### TASK DIRECTIONS
Report the lines of the data below that contain the string "VECTOR".

(Records from a collection)
+--

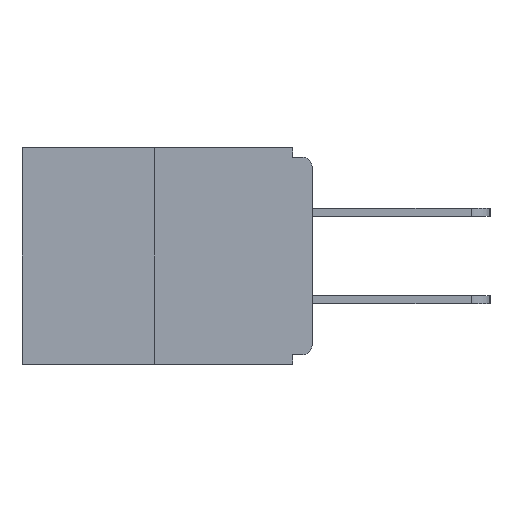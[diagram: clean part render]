
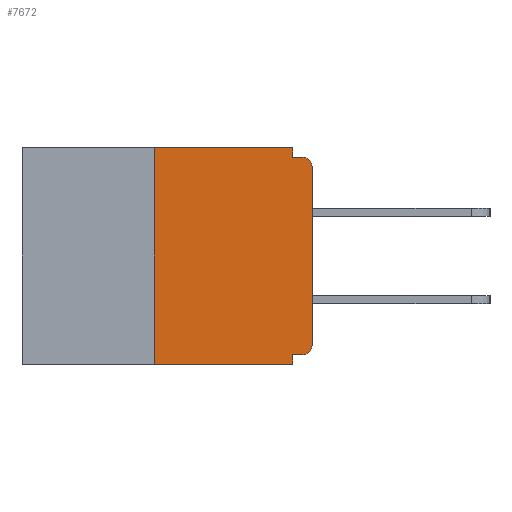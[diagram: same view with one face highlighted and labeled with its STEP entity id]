
A CAD part, left-side view. The second image highlights one B-rep face of the part: STEP entity #7672.
In plain terms, the highlighted planar face has unit normal (-1, 0, 0).
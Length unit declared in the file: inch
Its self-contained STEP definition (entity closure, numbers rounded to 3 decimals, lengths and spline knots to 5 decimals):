
#133 = VERTEX_POINT ( 'NONE', #19266 ) ;
#299 = DIRECTION ( 'NONE',  ( 0., 0., -1. ) ) ;
#573 = VERTEX_POINT ( 'NONE', #2416 ) ;
#633 = CARTESIAN_POINT ( 'NONE',  ( 0., 0.031, 0. ) ) ;
#729 = CARTESIAN_POINT ( 'NONE',  ( 0., 0.015, -0.015 ) ) ;
#1622 = CARTESIAN_POINT ( 'NONE',  ( 0., 0., 0. ) ) ;
#1696 = LINE ( 'NONE', #5311, #9413 ) ;
#1741 = VECTOR ( 'NONE', #17883, 39.37008 ) ;
#2266 = VERTEX_POINT ( 'NONE', #12649 ) ;
#2416 = CARTESIAN_POINT ( 'NONE',  ( 0., 0.031, 0. ) ) ;
#2594 = CARTESIAN_POINT ( 'NONE',  ( 0., 0., -0.328 ) ) ;
#2726 = LINE ( 'NONE', #19337, #15907 ) ;
#2777 = VECTOR ( 'NONE', #16006, 39.37008 ) ;
#2993 = ORIENTED_EDGE ( 'NONE', *, *, #18754, .T. ) ;
#3422 = EDGE_CURVE ( 'NONE', #133, #15031, #4534, .T. ) ;
#3574 = AXIS2_PLACEMENT_3D ( 'NONE', #18562, #17080, #9398 ) ;
#3707 = DIRECTION ( 'NONE',  ( 0., 0., 1. ) ) ;
#3793 = ORIENTED_EDGE ( 'NONE', *, *, #10833, .T. ) ;
#4534 = LINE ( 'NONE', #14693, #14607 ) ;
#4653 = CARTESIAN_POINT ( 'NONE',  ( 0., 0.25, 0. ) ) ;
#5249 = CIRCLE ( 'NONE', #3574, 0.015 ) ;
#5311 = CARTESIAN_POINT ( 'NONE',  ( 0., 0.25, 0. ) ) ;
#5520 = DIRECTION ( 'NONE',  ( 0., -1., 0. ) ) ;
#6272 = EDGE_CURVE ( 'NONE', #17471, #14448, #2726, .T. ) ;
#6284 = CARTESIAN_POINT ( 'NONE',  ( 0., 0.015, -0.328 ) ) ;
#6346 = CARTESIAN_POINT ( 'NONE',  ( 0., 0.031, -0.343 ) ) ;
#6385 = DIRECTION ( 'NONE',  ( 0., -1., 0. ) ) ;
#6643 = LINE ( 'NONE', #12897, #2777 ) ;
#6755 = ORIENTED_EDGE ( 'NONE', *, *, #14176, .F. ) ;
#6874 = ORIENTED_EDGE ( 'NONE', *, *, #12925, .F. ) ;
#7120 = LINE ( 'NONE', #1622, #18789 ) ;
#7291 = VERTEX_POINT ( 'NONE', #13725 ) ;
#7672 = ADVANCED_FACE ( 'NONE', ( #12769 ), #12425, .F. ) ;
#8011 = DIRECTION ( 'NONE',  ( 0., 0., 1. ) ) ;
#8094 = DIRECTION ( 'NONE',  ( -1., 0., 0. ) ) ;
#8593 = EDGE_LOOP ( 'NONE', ( #12515, #6755, #12644, #11432, #6874, #17242, #3793, #2993, #15553, #16303 ) ) ;
#9193 = EDGE_CURVE ( 'NONE', #573, #133, #10286, .T. ) ;
#9252 = CIRCLE ( 'NONE', #9863, 0.015 ) ;
#9398 = DIRECTION ( 'NONE',  ( 0., 0., -1. ) ) ;
#9413 = VECTOR ( 'NONE', #3707, 39.37008 ) ;
#9696 = CARTESIAN_POINT ( 'NONE',  ( 0., 0.015, -0.313 ) ) ;
#9863 = AXIS2_PLACEMENT_3D ( 'NONE', #9696, #8094, #17343 ) ;
#10286 = LINE ( 'NONE', #633, #10762 ) ;
#10377 = EDGE_CURVE ( 'NONE', #7291, #14448, #6643, .T. ) ;
#10762 = VECTOR ( 'NONE', #11553, 39.37008 ) ;
#10833 = EDGE_CURVE ( 'NONE', #15005, #2266, #7120, .T. ) ;
#11432 = ORIENTED_EDGE ( 'NONE', *, *, #6272, .F. ) ;
#11553 = DIRECTION ( 'NONE',  ( 0., 0., -1. ) ) ;
#12120 = VERTEX_POINT ( 'NONE', #6284 ) ;
#12425 = PLANE ( 'NONE',  #17301 ) ;
#12435 = DIRECTION ( 'NONE',  ( 0., 0., -1. ) ) ;
#12493 = CARTESIAN_POINT ( 'NONE',  ( 0., 0.46, 0. ) ) ;
#12515 = ORIENTED_EDGE ( 'NONE', *, *, #15542, .F. ) ;
#12644 = ORIENTED_EDGE ( 'NONE', *, *, #10377, .T. ) ;
#12649 = CARTESIAN_POINT ( 'NONE',  ( 0., 0., -0.03 ) ) ;
#12677 = CARTESIAN_POINT ( 'NONE',  ( 0., 0.46, 0. ) ) ;
#12769 = FACE_OUTER_BOUND ( 'NONE', #8593, .T. ) ;
#12846 = VECTOR ( 'NONE', #6385, 39.37008 ) ;
#12897 = CARTESIAN_POINT ( 'NONE',  ( 0., 0.46, -0.343 ) ) ;
#12925 = EDGE_CURVE ( 'NONE', #12120, #17471, #17507, .T. ) ;
#13725 = CARTESIAN_POINT ( 'NONE',  ( 0., 0.25, -0.343 ) ) ;
#14176 = EDGE_CURVE ( 'NONE', #7291, #18883, #1696, .T. ) ;
#14448 = VERTEX_POINT ( 'NONE', #6346 ) ;
#14607 = VECTOR ( 'NONE', #5520, 39.37008 ) ;
#14693 = CARTESIAN_POINT ( 'NONE',  ( 0., 0., -0.015 ) ) ;
#15005 = VERTEX_POINT ( 'NONE', #17156 ) ;
#15031 = VERTEX_POINT ( 'NONE', #729 ) ;
#15155 = EDGE_CURVE ( 'NONE', #12120, #15005, #9252, .T. ) ;
#15462 = LINE ( 'NONE', #12677, #12846 ) ;
#15542 = EDGE_CURVE ( 'NONE', #18883, #573, #15462, .T. ) ;
#15553 = ORIENTED_EDGE ( 'NONE', *, *, #3422, .F. ) ;
#15907 = VECTOR ( 'NONE', #12435, 39.37008 ) ;
#16006 = DIRECTION ( 'NONE',  ( 0., -1., 0. ) ) ;
#16303 = ORIENTED_EDGE ( 'NONE', *, *, #9193, .F. ) ;
#16324 = CARTESIAN_POINT ( 'NONE',  ( 0., 0.031, -0.328 ) ) ;
#17080 = DIRECTION ( 'NONE',  ( -1., 0., 0. ) ) ;
#17156 = CARTESIAN_POINT ( 'NONE',  ( 0., 0., -0.313 ) ) ;
#17188 = DIRECTION ( 'NONE',  ( 1., 0., 0. ) ) ;
#17242 = ORIENTED_EDGE ( 'NONE', *, *, #15155, .T. ) ;
#17301 = AXIS2_PLACEMENT_3D ( 'NONE', #12493, #17188, #299 ) ;
#17343 = DIRECTION ( 'NONE',  ( 0., 0., -1. ) ) ;
#17471 = VERTEX_POINT ( 'NONE', #16324 ) ;
#17507 = LINE ( 'NONE', #2594, #1741 ) ;
#17883 = DIRECTION ( 'NONE',  ( 0., 1., 0. ) ) ;
#18562 = CARTESIAN_POINT ( 'NONE',  ( 0., 0.015, -0.03 ) ) ;
#18754 = EDGE_CURVE ( 'NONE', #2266, #15031, #5249, .T. ) ;
#18789 = VECTOR ( 'NONE', #8011, 39.37008 ) ;
#18883 = VERTEX_POINT ( 'NONE', #4653 ) ;
#19266 = CARTESIAN_POINT ( 'NONE',  ( 0., 0.031, -0.015 ) ) ;
#19337 = CARTESIAN_POINT ( 'NONE',  ( 0., 0.031, -0.343 ) ) ;

+--

### SOLUTION
#1741 = VECTOR ( 'NONE', #17883, 39.37008 ) ;
#2777 = VECTOR ( 'NONE', #16006, 39.37008 ) ;
#9413 = VECTOR ( 'NONE', #3707, 39.37008 ) ;
#10762 = VECTOR ( 'NONE', #11553, 39.37008 ) ;
#12846 = VECTOR ( 'NONE', #6385, 39.37008 ) ;
#14607 = VECTOR ( 'NONE', #5520, 39.37008 ) ;
#15907 = VECTOR ( 'NONE', #12435, 39.37008 ) ;
#18789 = VECTOR ( 'NONE', #8011, 39.37008 ) ;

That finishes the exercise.